A major veterinary group has updated its cat declawing policy to emphasize that the procedure is an “amputation.”
A major veterinary group has updated its cat declawing policy to emphasize that the procedure is an “amputation.”
Marc Selinger

A major veterinary group has updated its cat declawing policy to emphasize that the procedure is an “amputation” of the last bone in each toe and “should be regarded as a major surgery.”

The revised policy, which the American Veterinary Medical Association (AVMA) adopted at its annual convention in Denver in late July, “strongly encourages” veterinarians to educate their clients about declawing before it is performed. It maintains that declawing should only be done after alternatives have been sought to prevent destructive clawing.

“There was an agreement that the policy needed to address the seriousness of the procedure, and stress that this is not a simple procedure but in fact a major surgery,” AVMA spokesman Michael San Filippo said.

The AVMA, which represents more than 85,000 veterinarians, revised the policy with input from its members and from a panel that included representatives of the American Association of Feline Practitioners and the American Animal Hospital Association. The policy was last updated in 2009 and was due for a refresh because the AVMA typically reviews such policies every five years, San Filippo said.

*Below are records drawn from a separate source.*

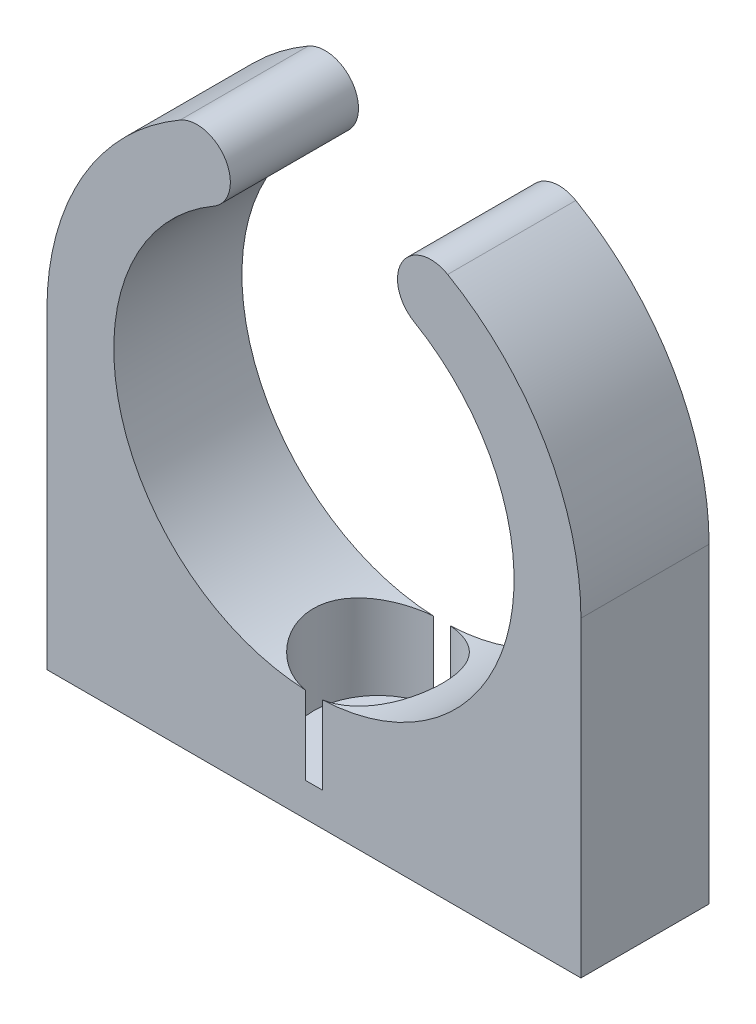
SolidWorks part; units mm, degrees
material "ABS"
ref_plane "Front Plane" through (0, 0, 0) normal (0, 0, 1) x (1, 0, 0)
ref_plane "Top Plane" through (0, 0, 0) normal (0, 1, 0) x (1, 0, 0)
ref_plane "Right Plane" through (0, 0, 0) normal (1, 0, 0) x (0, 0, -1)
sketch "Sketch1" plane through (0, 0, 0) normal (0, 0, 1) x (1, 0, 0)
  line L0 (-11.98, -13.98) -> (11.98, -13.98)
  line L1 (11.98, -13.98) -> (11.98, 0)
  line L2 (-11.98, -13.98) -> (-11.98, 0)
  circle A0 centre (0, 0) radius 9 construction
  arc A1 (-8.98, 0) -> (4.4986, 7.772) centre (0, 0) ccw
  arc A2 (11.98, 0) -> (6.0014, 10.3684) centre (0, 0) ccw
  arc A3 (-4.4986, 7.772) -> (-6.0014, 10.3684) centre (-5.25, 9.0702) ccw
  circle A4 centre (0, 0) radius 11.98 construction
  circle A5 centre (0, 0) radius 8.98 construction
  arc A6 (6.0014, 10.3684) -> (4.4986, 7.772) centre (5.25, 9.0702) ccw
  arc A7 (-4.4986, 7.772) -> (-8.98, 0) centre (0, 0) ccw
  arc A8 (-6.0014, 10.3684) -> (-11.98, 0) centre (0, 0) ccw
  point P10 (0, -13.98)
  point P17 (13.4074, 4.0991)
  point P22 (8.6259, 2.6372)
  dimension "D1" = 18
  dimension "D7" = 7.5
  dimension "D4" = 5
  dimension "D3" = 3
extrude "Boss-Extrude1" add sketch "Sketch1" along normal mid plane 5.75 contours L1 A2 L2 L0 A1
sketch "Sketch4" plane through (0, 0, 0) normal (0, 0, 1) x (1, 0, 0)
  line L0 (1.5, -12.48) -> (2.9, -12.48)
  line L1 (-2.9, -7.48) -> (2.9, -7.48)
  line L2 (-2.9, -7.48) -> (-2.9, -12.48)
  line L3 (-2.9, -12.48) -> (-1.5, -12.48)
  line L4 (2.9, -7.48) -> (2.9, -12.48)
  line L5 (-2.9, -7.48) -> (2.9, -12.48) construction
  line L6 (-2.9, -12.48) -> (2.9, -7.48) construction
  line L8 (-1.5, -12.48) -> (-1.5, -13.98)
  line L9 (-1.5, -13.98) -> (1.5, -13.98)
  line L10 (1.5, -12.48) -> (1.5, -13.98)
  line L11 (-1.5, -12.48) -> (1.5, -13.98) construction
  line L12 (-1.5, -13.98) -> (1.5, -12.48) construction
  line L13 (-11.98, -13.98) -> (11.98, -13.98) construction
  line L14 (0, -13.98) -> (0, -7.48)
  arc A2 (-4.4986, 7.772) -> (4.4986, 7.772) centre (0, 0) ccw construction
  point P0 (0, -9.98)
  point P5 (0, -13.23)
  dimension "D3" = 3
  dimension "D1" = 5.8
  dimension "D4" = 3.5
  dimension "D2" = 5
revolve "Cut-Revolve1" cut sketch "Sketch4" angle 360 about L14
equation "\"diam\"= 18mm"
equation "\"width\"= 5.75"
equation "\"D1@Sketch1\"=\"diam\""
equation "\"tolerance\"= 0.02"
equation "\"D2@Sketch1\"=\"tolerance\""
equation "\"D1@Boss-Extrude1\"=\"width\""
equation "\"bolt_outer diam\"= 5.8mm"
equation "\"bolt diam\"= 3"
equation "\"bolt head thickness\"= 3.5"
equation "\"D1@Sketch4\"=\"bolt_outer diam\""
equation "\"D3@Sketch4\"=\"bolt diam\""
equation "\"D4@Sketch4\"=\"bolt head thickness\""

Declawing opponents expressed disappointment that the AVMA did not go further and call for an end to the procedure. They compare declawing to cutting off the tips of a person’s fingers, and assert that it is painful and potentially crippling and can cause behavior problems, such as biting or litter box avoidance. They say there are more humane ways to protect furniture, such as scratching posts, regular nail trimmings, nail caps and double-sided sticky tape.

“Amputating a cat's toe bones to protect couches is simply cruel,” said veterinarian Jennifer Conrad, founder and director of the Paw Project.

The AVMA insisted that there is “no scientific evidence” that declawing increases behavioral problems.